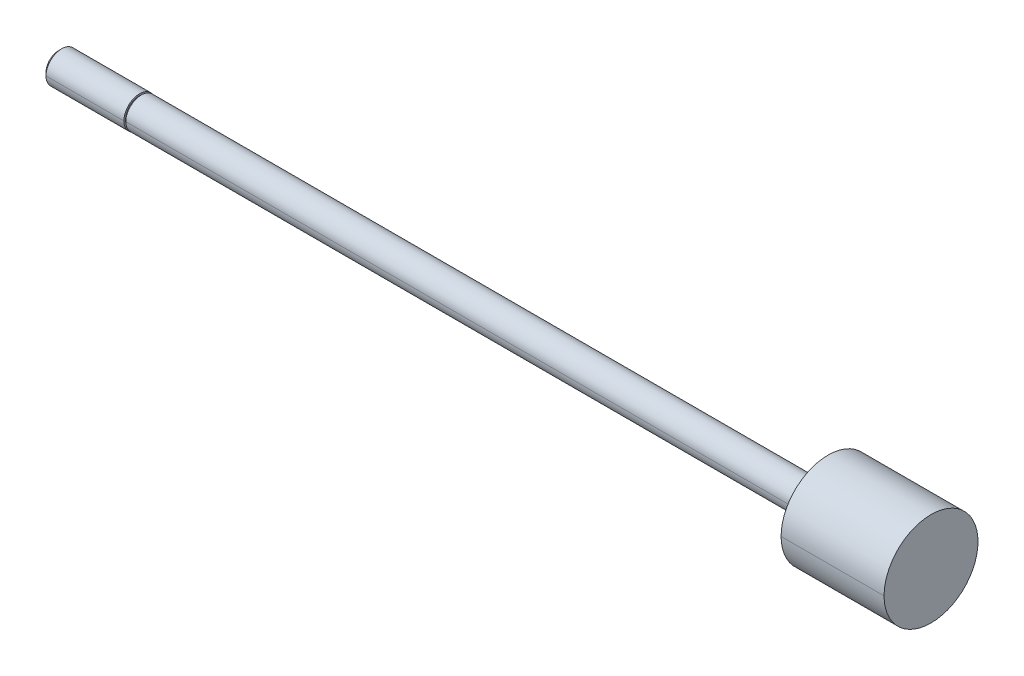
ISO-10303-21;
HEADER;
FILE_DESCRIPTION(('STEP AP214'),'2;1');
FILE_NAME('part.step','',(''),(''),'','','');
FILE_SCHEMA(('AUTOMOTIVE_DESIGN { 1 0 10303 214 1 1 1 1 }'));
ENDSEC;
DATA;
#1=APPLICATION_CONTEXT('core data for automotive mechanical design processes');
#2=APPLICATION_PROTOCOL_DEFINITION('international standard','automotive_design',2000,#1);
#3=PRODUCT_CONTEXT('',#1,'mechanical');
#4=PRODUCT('Part','Part','',(#3));
#5=PRODUCT_RELATED_PRODUCT_CATEGORY('part','',(#4));
#6=PRODUCT_DEFINITION_FORMATION('','',#4);
#7=PRODUCT_DEFINITION_CONTEXT('part definition',#1,'design');
#8=PRODUCT_DEFINITION('design','',#6,#7);
#9=PRODUCT_DEFINITION_SHAPE('','',#8);
#10=(LENGTH_UNIT() NAMED_UNIT(*) SI_UNIT(.MILLI.,.METRE.));
#11=(NAMED_UNIT(*) PLANE_ANGLE_UNIT() SI_UNIT($,.RADIAN.));
#12=(NAMED_UNIT(*) SI_UNIT($,.STERADIAN.) SOLID_ANGLE_UNIT());
#13=UNCERTAINTY_MEASURE_WITH_UNIT(LENGTH_MEASURE(1.E-05),#10,'distance_accuracy_value','');
#14=(GEOMETRIC_REPRESENTATION_CONTEXT(3) GLOBAL_UNCERTAINTY_ASSIGNED_CONTEXT((#13)) GLOBAL_UNIT_ASSIGNED_CONTEXT((#10,
#11,#12)) REPRESENTATION_CONTEXT('',''));
#15=CARTESIAN_POINT('',(0.,0.,0.));
#16=DIRECTION('',(0.,0.,1.));
#17=DIRECTION('',(1.,0.,0.));
#18=AXIS2_PLACEMENT_3D('',#15,#16,#17);
#19=CARTESIAN_POINT('',(0.,0.,0.));
#20=DIRECTION('',(-1.,0.,0.));
#21=DIRECTION('',(0.,-1.,0.));
#22=AXIS2_PLACEMENT_3D('',#19,#20,#21);
#23=CYLINDRICAL_SURFACE('',#22,2.159);
#24=CARTESIAN_POINT('',(0.,0.,0.));
#25=DIRECTION('',(1.,0.,0.));
#26=DIRECTION('',(0.,0.,-1.));
#27=AXIS2_PLACEMENT_3D('',#24,#25,#26);
#28=CIRCLE('',#27,2.159);
#29=CARTESIAN_POINT('',(0.,0.,-2.159));
#30=VERTEX_POINT('',#29);
#31=CARTESIAN_POINT('',(0.,0.,2.159));
#32=VERTEX_POINT('',#31);
#33=EDGE_CURVE('E11',#30,#32,#28,.T.);
#34=ORIENTED_EDGE('',*,*,#33,.F.);
#35=DIRECTION('',(-1.,0.,0.));
#36=VECTOR('',#35,1.);
#37=CARTESIAN_POINT('',(0.,0.,-2.159));
#38=LINE('',#37,#36);
#39=CARTESIAN_POINT('',(-0.254,0.,-2.159));
#40=VERTEX_POINT('',#39);
#41=EDGE_CURVE('E25',#30,#40,#38,.T.);
#42=ORIENTED_EDGE('',*,*,#41,.T.);
#43=CARTESIAN_POINT('',(-0.254,0.,0.));
#44=DIRECTION('',(1.,0.,0.));
#45=DIRECTION('',(0.,0.,-1.));
#46=AXIS2_PLACEMENT_3D('',#43,#44,#45);
#47=CIRCLE('',#46,2.159);
#48=CARTESIAN_POINT('',(-0.254,0.,2.159));
#49=VERTEX_POINT('',#48);
#50=EDGE_CURVE('E211',#40,#49,#47,.T.);
#51=ORIENTED_EDGE('',*,*,#50,.T.);
#52=DIRECTION('',(-1.,0.,0.));
#53=VECTOR('',#52,1.);
#54=CARTESIAN_POINT('',(0.,0.,2.159));
#55=LINE('',#54,#53);
#56=EDGE_CURVE('E206',#32,#49,#55,.T.);
#57=ORIENTED_EDGE('',*,*,#56,.F.);
#58=EDGE_LOOP('',(#34,#42,#51,#57));
#59=FACE_BOUND('',#58,.T.);
#60=ADVANCED_FACE('F17',(#59),#23,.T.);
#61=CARTESIAN_POINT('',(0.,0.,0.));
#62=DIRECTION('',(-1.,0.,0.));
#63=DIRECTION('',(0.,1.,0.));
#64=AXIS2_PLACEMENT_3D('',#61,#62,#63);
#65=CYLINDRICAL_SURFACE('',#64,2.159);
#66=CARTESIAN_POINT('',(-0.254,0.,0.));
#67=DIRECTION('',(1.,0.,0.));
#68=DIRECTION('',(0.,0.,-1.));
#69=AXIS2_PLACEMENT_3D('',#66,#67,#68);
#70=CIRCLE('',#69,2.159);
#71=EDGE_CURVE('E202',#49,#40,#70,.T.);
#72=ORIENTED_EDGE('',*,*,#71,.T.);
#73=ORIENTED_EDGE('',*,*,#41,.F.);
#74=CARTESIAN_POINT('',(0.,0.,0.));
#75=DIRECTION('',(1.,0.,0.));
#76=DIRECTION('',(0.,0.,-1.));
#77=AXIS2_PLACEMENT_3D('',#74,#75,#76);
#78=CIRCLE('',#77,2.159);
#79=EDGE_CURVE('E197',#32,#30,#78,.T.);
#80=ORIENTED_EDGE('',*,*,#79,.F.);
#81=ORIENTED_EDGE('',*,*,#56,.T.);
#82=EDGE_LOOP('',(#72,#73,#80,#81));
#83=FACE_BOUND('',#82,.T.);
#84=ADVANCED_FACE('F224',(#83),#65,.T.);
#85=CARTESIAN_POINT('',(0.,2.159,0.));
#86=DIRECTION('',(1.,0.,0.));
#87=DIRECTION('',(0.,0.,-1.));
#88=AXIS2_PLACEMENT_3D('',#85,#86,#87);
#89=PLANE('',#88);
#90=CARTESIAN_POINT('',(0.,0.,0.));
#91=DIRECTION('',(1.,0.,0.));
#92=DIRECTION('',(0.,0.,-1.));
#93=AXIS2_PLACEMENT_3D('',#90,#91,#92);
#94=CIRCLE('',#93,2.3749);
#95=CARTESIAN_POINT('',(0.,0.,-2.3749));
#96=VERTEX_POINT('',#95);
#97=CARTESIAN_POINT('',(0.,0.,2.3749));
#98=VERTEX_POINT('',#97);
#99=EDGE_CURVE('E192',#96,#98,#94,.T.);
#100=ORIENTED_EDGE('',*,*,#99,.F.);
#101=CARTESIAN_POINT('',(0.,0.,0.));
#102=DIRECTION('',(1.,0.,0.));
#103=DIRECTION('',(0.,0.,-1.));
#104=AXIS2_PLACEMENT_3D('',#101,#102,#103);
#105=CIRCLE('',#104,2.3749);
#106=EDGE_CURVE('E187',#98,#96,#105,.T.);
#107=ORIENTED_EDGE('',*,*,#106,.F.);
#108=EDGE_LOOP('',(#100,#107));
#109=FACE_BOUND('',#108,.T.);
#110=ORIENTED_EDGE('',*,*,#33,.T.);
#111=ORIENTED_EDGE('',*,*,#79,.T.);
#112=EDGE_LOOP('',(#110,#111));
#113=FACE_BOUND('',#112,.T.);
#114=ADVANCED_FACE('F249',(#109,#113),#89,.F.);
#115=CARTESIAN_POINT('',(121.3866,0.,0.));
#116=DIRECTION('',(-1.,0.,0.));
#117=DIRECTION('',(0.,1.,0.));
#118=AXIS2_PLACEMENT_3D('',#115,#116,#117);
#119=CYLINDRICAL_SURFACE('',#118,2.3749);
#120=ORIENTED_EDGE('',*,*,#106,.T.);
#121=DIRECTION('',(-1.,0.,0.));
#122=VECTOR('',#121,1.);
#123=CARTESIAN_POINT('',(105.5624,0.,-2.3749));
#124=LINE('',#123,#122);
#125=CARTESIAN_POINT('',(105.5624,0.,-2.3749));
#126=VERTEX_POINT('',#125);
#127=EDGE_CURVE('E182',#126,#96,#124,.T.);
#128=ORIENTED_EDGE('',*,*,#127,.F.);
#129=CARTESIAN_POINT('',(105.5624,0.,0.));
#130=DIRECTION('',(1.,0.,0.));
#131=DIRECTION('',(0.,0.,-1.));
#132=AXIS2_PLACEMENT_3D('',#129,#130,#131);
#133=CIRCLE('',#132,2.3749);
#134=CARTESIAN_POINT('',(105.5624,0.,2.3749));
#135=VERTEX_POINT('',#134);
#136=EDGE_CURVE('E177',#135,#126,#133,.T.);
#137=ORIENTED_EDGE('',*,*,#136,.F.);
#138=DIRECTION('',(-1.,0.,0.));
#139=VECTOR('',#138,1.);
#140=CARTESIAN_POINT('',(105.5624,0.,2.3749));
#141=LINE('',#140,#139);
#142=EDGE_CURVE('E172',#135,#98,#141,.T.);
#143=ORIENTED_EDGE('',*,*,#142,.T.);
#144=EDGE_LOOP('',(#120,#128,#137,#143));
#145=FACE_BOUND('',#144,.T.);
#146=ADVANCED_FACE('F253',(#145),#119,.T.);
#147=CARTESIAN_POINT('',(121.3866,0.,0.));
#148=DIRECTION('',(-1.,0.,0.));
#149=DIRECTION('',(0.,-1.,0.));
#150=AXIS2_PLACEMENT_3D('',#147,#148,#149);
#151=CYLINDRICAL_SURFACE('',#150,2.3749);
#152=CARTESIAN_POINT('',(105.5624,0.,0.));
#153=DIRECTION('',(1.,0.,0.));
#154=DIRECTION('',(0.,0.,-1.));
#155=AXIS2_PLACEMENT_3D('',#152,#153,#154);
#156=CIRCLE('',#155,2.3749);
#157=EDGE_CURVE('E167',#126,#135,#156,.T.);
#158=ORIENTED_EDGE('',*,*,#157,.F.);
#159=ORIENTED_EDGE('',*,*,#127,.T.);
#160=ORIENTED_EDGE('',*,*,#99,.T.);
#161=ORIENTED_EDGE('',*,*,#142,.F.);
#162=EDGE_LOOP('',(#158,#159,#160,#161));
#163=FACE_BOUND('',#162,.T.);
#164=ADVANCED_FACE('F259',(#163),#151,.T.);
#165=CARTESIAN_POINT('',(105.5624,2.3749,0.));
#166=DIRECTION('',(1.,0.,0.));
#167=DIRECTION('',(0.,0.,-1.));
#168=AXIS2_PLACEMENT_3D('',#165,#166,#167);
#169=PLANE('',#168);
#170=CARTESIAN_POINT('',(105.5624,0.,0.));
#171=DIRECTION('',(1.,0.,0.));
#172=DIRECTION('',(0.,0.,-1.));
#173=AXIS2_PLACEMENT_3D('',#170,#171,#172);
#174=CIRCLE('',#173,7.21995);
#175=CARTESIAN_POINT('',(105.5624,0.,-7.21995));
#176=VERTEX_POINT('',#175);
#177=CARTESIAN_POINT('',(105.5624,0.,7.21995));
#178=VERTEX_POINT('',#177);
#179=EDGE_CURVE('E162',#176,#178,#174,.T.);
#180=ORIENTED_EDGE('',*,*,#179,.F.);
#181=CARTESIAN_POINT('',(105.5624,0.,0.));
#182=DIRECTION('',(1.,0.,0.));
#183=DIRECTION('',(0.,0.,-1.));
#184=AXIS2_PLACEMENT_3D('',#181,#182,#183);
#185=CIRCLE('',#184,7.21995);
#186=EDGE_CURVE('E157',#178,#176,#185,.T.);
#187=ORIENTED_EDGE('',*,*,#186,.F.);
#188=EDGE_LOOP('',(#180,#187));
#189=FACE_BOUND('',#188,.T.);
#190=ORIENTED_EDGE('',*,*,#157,.T.);
#191=ORIENTED_EDGE('',*,*,#136,.T.);
#192=EDGE_LOOP('',(#190,#191));
#193=FACE_BOUND('',#192,.T.);
#194=ADVANCED_FACE('F263',(#189,#193),#169,.F.);
#195=CARTESIAN_POINT('',(121.3866,0.,0.));
#196=DIRECTION('',(-1.,0.,0.));
#197=DIRECTION('',(0.,1.,0.));
#198=AXIS2_PLACEMENT_3D('',#195,#196,#197);
#199=CYLINDRICAL_SURFACE('',#198,7.21995);
#200=ORIENTED_EDGE('',*,*,#186,.T.);
#201=DIRECTION('',(-1.,0.,0.));
#202=VECTOR('',#201,1.);
#203=CARTESIAN_POINT('',(121.3866,0.,-7.21995));
#204=LINE('',#203,#202);
#205=CARTESIAN_POINT('',(121.3866,0.,-7.21995));
#206=VERTEX_POINT('',#205);
#207=EDGE_CURVE('E152',#206,#176,#204,.T.);
#208=ORIENTED_EDGE('',*,*,#207,.F.);
#209=CARTESIAN_POINT('',(121.3866,0.,0.));
#210=DIRECTION('',(1.,0.,0.));
#211=DIRECTION('',(0.,0.,-1.));
#212=AXIS2_PLACEMENT_3D('',#209,#210,#211);
#213=CIRCLE('',#212,7.21995);
#214=CARTESIAN_POINT('',(121.3866,0.,7.21995));
#215=VERTEX_POINT('',#214);
#216=EDGE_CURVE('E147',#215,#206,#213,.T.);
#217=ORIENTED_EDGE('',*,*,#216,.F.);
#218=DIRECTION('',(-1.,0.,0.));
#219=VECTOR('',#218,1.);
#220=CARTESIAN_POINT('',(121.3866,0.,7.21995));
#221=LINE('',#220,#219);
#222=EDGE_CURVE('E142',#215,#178,#221,.T.);
#223=ORIENTED_EDGE('',*,*,#222,.T.);
#224=EDGE_LOOP('',(#200,#208,#217,#223));
#225=FACE_BOUND('',#224,.T.);
#226=ADVANCED_FACE('F267',(#225),#199,.T.);
#227=CARTESIAN_POINT('',(121.3866,0.,0.));
#228=DIRECTION('',(-1.,0.,0.));
#229=DIRECTION('',(0.,-1.,0.));
#230=AXIS2_PLACEMENT_3D('',#227,#228,#229);
#231=CYLINDRICAL_SURFACE('',#230,7.21995);
#232=CARTESIAN_POINT('',(121.3866,0.,0.));
#233=DIRECTION('',(1.,0.,0.));
#234=DIRECTION('',(0.,0.,-1.));
#235=AXIS2_PLACEMENT_3D('',#232,#233,#234);
#236=CIRCLE('',#235,7.21995);
#237=EDGE_CURVE('E137',#206,#215,#236,.T.);
#238=ORIENTED_EDGE('',*,*,#237,.F.);
#239=ORIENTED_EDGE('',*,*,#207,.T.);
#240=ORIENTED_EDGE('',*,*,#179,.T.);
#241=ORIENTED_EDGE('',*,*,#222,.F.);
#242=EDGE_LOOP('',(#238,#239,#240,#241));
#243=FACE_BOUND('',#242,.T.);
#244=ADVANCED_FACE('F271',(#243),#231,.T.);
#245=CARTESIAN_POINT('',(121.3866,7.21995,0.));
#246=DIRECTION('',(-1.,0.,0.));
#247=DIRECTION('',(0.,0.,1.));
#248=AXIS2_PLACEMENT_3D('',#245,#246,#247);
#249=PLANE('',#248);
#250=ORIENTED_EDGE('',*,*,#237,.T.);
#251=ORIENTED_EDGE('',*,*,#216,.T.);
#252=EDGE_LOOP('',(#250,#251));
#253=FACE_BOUND('',#252,.T.);
#254=ADVANCED_FACE('F229',(#253),#249,.F.);
#255=CARTESIAN_POINT('',(-0.254,2.667,0.));
#256=DIRECTION('',(-1.,0.,0.));
#257=DIRECTION('',(0.,0.,1.));
#258=AXIS2_PLACEMENT_3D('',#255,#256,#257);
#259=PLANE('',#258);
#260=ORIENTED_EDGE('',*,*,#50,.F.);
#261=ORIENTED_EDGE('',*,*,#71,.F.);
#262=EDGE_LOOP('',(#260,#261));
#263=FACE_BOUND('',#262,.T.);
#264=CARTESIAN_POINT('',(-0.254,0.,0.));
#265=DIRECTION('',(-1.,0.,0.));
#266=DIRECTION('',(0.,0.,1.));
#267=AXIS2_PLACEMENT_3D('',#264,#265,#266);
#268=CIRCLE('',#267,2.413);
#269=CARTESIAN_POINT('',(-0.254,0.,2.413));
#270=VERTEX_POINT('',#269);
#271=CARTESIAN_POINT('',(-0.254,0.,-2.413));
#272=VERTEX_POINT('',#271);
#273=EDGE_CURVE('E132',#270,#272,#268,.T.);
#274=ORIENTED_EDGE('',*,*,#273,.F.);
#275=CARTESIAN_POINT('',(-0.254,0.,0.));
#276=DIRECTION('',(-1.,0.,0.));
#277=DIRECTION('',(0.,0.,1.));
#278=AXIS2_PLACEMENT_3D('',#275,#276,#277);
#279=CIRCLE('',#278,2.413);
#280=EDGE_CURVE('E127',#272,#270,#279,.T.);
#281=ORIENTED_EDGE('',*,*,#280,.F.);
#282=EDGE_LOOP('',(#274,#281));
#283=FACE_BOUND('',#282,.T.);
#284=ADVANCED_FACE('F225',(#263,#283),#259,.F.);
#285=CARTESIAN_POINT('',(0.,0.,0.));
#286=DIRECTION('',(-1.,0.,0.));
#287=DIRECTION('',(0.,1.,0.));
#288=AXIS2_PLACEMENT_3D('',#285,#286,#287);
#289=CYLINDRICAL_SURFACE('',#288,2.413);
#290=CARTESIAN_POINT('',(-12.22756,0.,0.));
#291=DIRECTION('',(1.,0.,0.));
#292=DIRECTION('',(0.,0.,-1.));
#293=AXIS2_PLACEMENT_3D('',#290,#291,#292);
#294=CIRCLE('',#293,2.413);
#295=CARTESIAN_POINT('',(-12.2275600000012,0.,2.41300000000121));
#296=VERTEX_POINT('',#295);
#297=CARTESIAN_POINT('',(-12.22756,0.,-2.413));
#298=VERTEX_POINT('',#297);
#299=EDGE_CURVE('E98',#296,#298,#294,.T.);
#300=ORIENTED_EDGE('',*,*,#299,.T.);
#301=DIRECTION('',(-1.,0.,0.));
#302=VECTOR('',#301,1.);
#303=CARTESIAN_POINT('',(-0.254,0.,-2.413));
#304=LINE('',#303,#302);
#305=EDGE_CURVE('E119',#272,#298,#304,.T.);
#306=ORIENTED_EDGE('',*,*,#305,.F.);
#307=ORIENTED_EDGE('',*,*,#280,.T.);
#308=DIRECTION('',(-1.,0.,0.));
#309=VECTOR('',#308,1.);
#310=CARTESIAN_POINT('',(-0.254,0.,2.413));
#311=LINE('',#310,#309);
#312=EDGE_CURVE('E115',#270,#296,#311,.T.);
#313=ORIENTED_EDGE('',*,*,#312,.T.);
#314=EDGE_LOOP('',(#300,#306,#307,#313));
#315=FACE_BOUND('',#314,.T.);
#316=ADVANCED_FACE('F228',(#315),#289,.T.);
#317=CARTESIAN_POINT('',(0.,0.,0.));
#318=DIRECTION('',(-1.,0.,0.));
#319=DIRECTION('',(0.,-1.,0.));
#320=AXIS2_PLACEMENT_3D('',#317,#318,#319);
#321=CYLINDRICAL_SURFACE('',#320,2.413);
#322=ORIENTED_EDGE('',*,*,#273,.T.);
#323=ORIENTED_EDGE('',*,*,#305,.T.);
#324=CARTESIAN_POINT('',(-12.22756,0.,0.));
#325=DIRECTION('',(1.,0.,0.));
#326=DIRECTION('',(0.,0.,-1.));
#327=AXIS2_PLACEMENT_3D('',#324,#325,#326);
#328=CIRCLE('',#327,2.413);
#329=EDGE_CURVE('E110',#298,#296,#328,.T.);
#330=ORIENTED_EDGE('',*,*,#329,.T.);
#331=ORIENTED_EDGE('',*,*,#312,.F.);
#332=EDGE_LOOP('',(#322,#323,#330,#331));
#333=FACE_BOUND('',#332,.T.);
#334=ADVANCED_FACE('F235',(#333),#321,.T.);
#335=CARTESIAN_POINT('',(-12.7,0.,0.));
#336=DIRECTION('',(1.,0.,0.));
#337=DIRECTION('',(0.,-1.,0.));
#338=AXIS2_PLACEMENT_3D('',#335,#336,#337);
#339=CONICAL_SURFACE('',#338,1.94056,0.7853981634);
#340=ORIENTED_EDGE('',*,*,#329,.F.);
#341=DIRECTION('',(0.707106781184743,0.,-0.707106781188352));
#342=VECTOR('',#341,1.);
#343=CARTESIAN_POINT('',(-12.7,0.,-1.94056));
#344=LINE('',#343,#342);
#345=CARTESIAN_POINT('',(-12.7,0.,-1.94056));
#346=VERTEX_POINT('',#345);
#347=EDGE_CURVE('E90',#346,#298,#344,.T.);
#348=ORIENTED_EDGE('',*,*,#347,.F.);
#349=CARTESIAN_POINT('',(-12.7,0.,0.));
#350=DIRECTION('',(1.,0.,0.));
#351=DIRECTION('',(0.,0.,-1.));
#352=AXIS2_PLACEMENT_3D('',#349,#350,#351);
#353=CIRCLE('',#352,1.94056);
#354=CARTESIAN_POINT('',(-12.7,0.,1.94056));
#355=VERTEX_POINT('',#354);
#356=EDGE_CURVE('E83',#346,#355,#353,.T.);
#357=ORIENTED_EDGE('',*,*,#356,.T.);
#358=DIRECTION('',(0.707106781184743,0.,0.707106781188352));
#359=VECTOR('',#358,1.);
#360=CARTESIAN_POINT('',(-12.7,0.,1.94056));
#361=LINE('',#360,#359);
#362=EDGE_CURVE('E87',#355,#296,#361,.T.);
#363=ORIENTED_EDGE('',*,*,#362,.T.);
#364=EDGE_LOOP('',(#340,#348,#357,#363));
#365=FACE_BOUND('',#364,.T.);
#366=ADVANCED_FACE('F86',(#365),#339,.T.);
#367=CARTESIAN_POINT('',(-12.7,0.,0.));
#368=DIRECTION('',(1.,0.,0.));
#369=DIRECTION('',(0.,1.,0.));
#370=AXIS2_PLACEMENT_3D('',#367,#368,#369);
#371=CONICAL_SURFACE('',#370,1.94056,0.7853981634);
#372=CARTESIAN_POINT('',(-12.7,0.,0.));
#373=DIRECTION('',(1.,0.,0.));
#374=DIRECTION('',(0.,0.,-1.));
#375=AXIS2_PLACEMENT_3D('',#372,#373,#374);
#376=CIRCLE('',#375,1.94056);
#377=EDGE_CURVE('E97',#355,#346,#376,.T.);
#378=ORIENTED_EDGE('',*,*,#377,.T.);
#379=ORIENTED_EDGE('',*,*,#347,.T.);
#380=ORIENTED_EDGE('',*,*,#299,.F.);
#381=ORIENTED_EDGE('',*,*,#362,.F.);
#382=EDGE_LOOP('',(#378,#379,#380,#381));
#383=FACE_BOUND('',#382,.T.);
#384=ADVANCED_FACE('F96',(#383),#371,.T.);
#385=CARTESIAN_POINT('',(-12.7,0.,0.));
#386=DIRECTION('',(1.,0.,0.));
#387=DIRECTION('',(0.,0.,-1.));
#388=AXIS2_PLACEMENT_3D('',#385,#386,#387);
#389=PLANE('',#388);
#390=ORIENTED_EDGE('',*,*,#356,.F.);
#391=ORIENTED_EDGE('',*,*,#377,.F.);
#392=EDGE_LOOP('',(#390,#391));
#393=FACE_BOUND('',#392,.T.);
#394=ADVANCED_FACE('F100',(#393),#389,.F.);
#395=CLOSED_SHELL('',(#60,#84,#114,#146,#164,#194,#226,#244,#254,#284,#316,#334,#366,#384,#394));
#396=MANIFOLD_SOLID_BREP('B1',#395);
#397=ADVANCED_BREP_SHAPE_REPRESENTATION('',(#18,#396),#14);
#398=SHAPE_DEFINITION_REPRESENTATION(#9,#397);
ENDSEC;
END-ISO-10303-21;

━━━━━━━━━━

[Task requirements]: Copy only this part of the entries above: the line with "#288=AXIS2_PLACEMENT_3D('',#285,#286,#287);", the line with "#318=DIRECTION('',(-1.,0.,0.));", and the lines between, all exactly as written.

[Answer box]:
#288=AXIS2_PLACEMENT_3D('',#285,#286,#287);
#289=CYLINDRICAL_SURFACE('',#288,2.413);
#290=CARTESIAN_POINT('',(-12.22756,0.,0.));
#291=DIRECTION('',(1.,0.,0.));
#292=DIRECTION('',(0.,0.,-1.));
#293=AXIS2_PLACEMENT_3D('',#290,#291,#292);
#294=CIRCLE('',#293,2.413);
#295=CARTESIAN_POINT('',(-12.2275600000012,0.,2.41300000000121));
#296=VERTEX_POINT('',#295);
#297=CARTESIAN_POINT('',(-12.22756,0.,-2.413));
#298=VERTEX_POINT('',#297);
#299=EDGE_CURVE('E98',#296,#298,#294,.T.);
#300=ORIENTED_EDGE('',*,*,#299,.T.);
#301=DIRECTION('',(-1.,0.,0.));
#302=VECTOR('',#301,1.);
#303=CARTESIAN_POINT('',(-0.254,0.,-2.413));
#304=LINE('',#303,#302);
#305=EDGE_CURVE('E119',#272,#298,#304,.T.);
#306=ORIENTED_EDGE('',*,*,#305,.F.);
#307=ORIENTED_EDGE('',*,*,#280,.T.);
#308=DIRECTION('',(-1.,0.,0.));
#309=VECTOR('',#308,1.);
#310=CARTESIAN_POINT('',(-0.254,0.,2.413));
#311=LINE('',#310,#309);
#312=EDGE_CURVE('E115',#270,#296,#311,.T.);
#313=ORIENTED_EDGE('',*,*,#312,.T.);
#314=EDGE_LOOP('',(#300,#306,#307,#313));
#315=FACE_BOUND('',#314,.T.);
#316=ADVANCED_FACE('F228',(#315),#289,.T.);
#317=CARTESIAN_POINT('',(0.,0.,0.));
#318=DIRECTION('',(-1.,0.,0.));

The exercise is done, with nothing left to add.